# EXERCISE OBJECTIVE
Beginning with the line that holds "# F0 (on Top) → F1 (new body)", set down each line of the data below through the very last, exactly as given, and nothing beyond that.

***

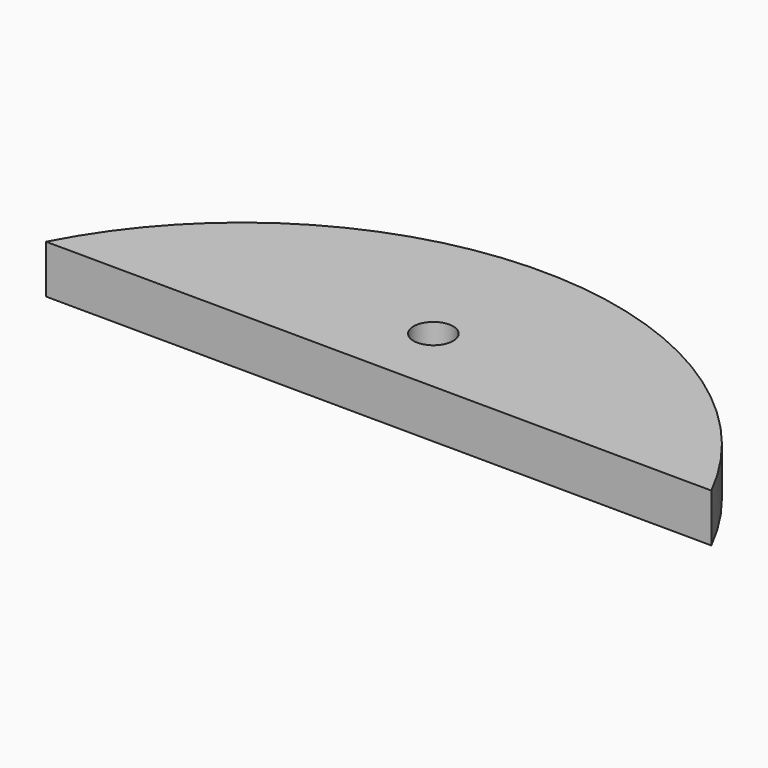
from build123d import *

# Parameters (mm, degrees)
F0_R     = 2.6
F1_DEPTH = 6.35


# Not quite as in the source:
# - a length typed as a fraction of an inch, garbled in the dataset ("3 / 203.2 mm" for 3/8 in), is restored


with BuildPart() as f1:
    # F0 (on Top) → F1 (new body)
    with BuildSketch(Plane.XY):
        with BuildLine():
            Line((-43.7803601081, 22.6229633074), (44.056544665, 22.0802914876))
            ThreePointArc((44.056544665, 22.0802914876), (0.304454682, 49.2790595217), (-43.7803601081, 22.6229633074))
        make_face()
        with Locations((0, 31.5)):
            Circle(F0_R, mode=Mode.SUBTRACT)
    extrude(amount=F1_DEPTH)


solid = f1.part

***

# YOUR SOLUTION
    # F0 (on Top) → F1 (new body)
    with BuildSketch(Plane.XY):
        with BuildLine():
            Line((-43.7803601081, 22.6229633074), (44.056544665, 22.0802914876))
            ThreePointArc((44.056544665, 22.0802914876), (0.304454682, 49.2790595217), (-43.7803601081, 22.6229633074))
        make_face()
        with Locations((0, 31.5)):
            Circle(F0_R, mode=Mode.SUBTRACT)
    extrude(amount=F1_DEPTH)


solid = f1.part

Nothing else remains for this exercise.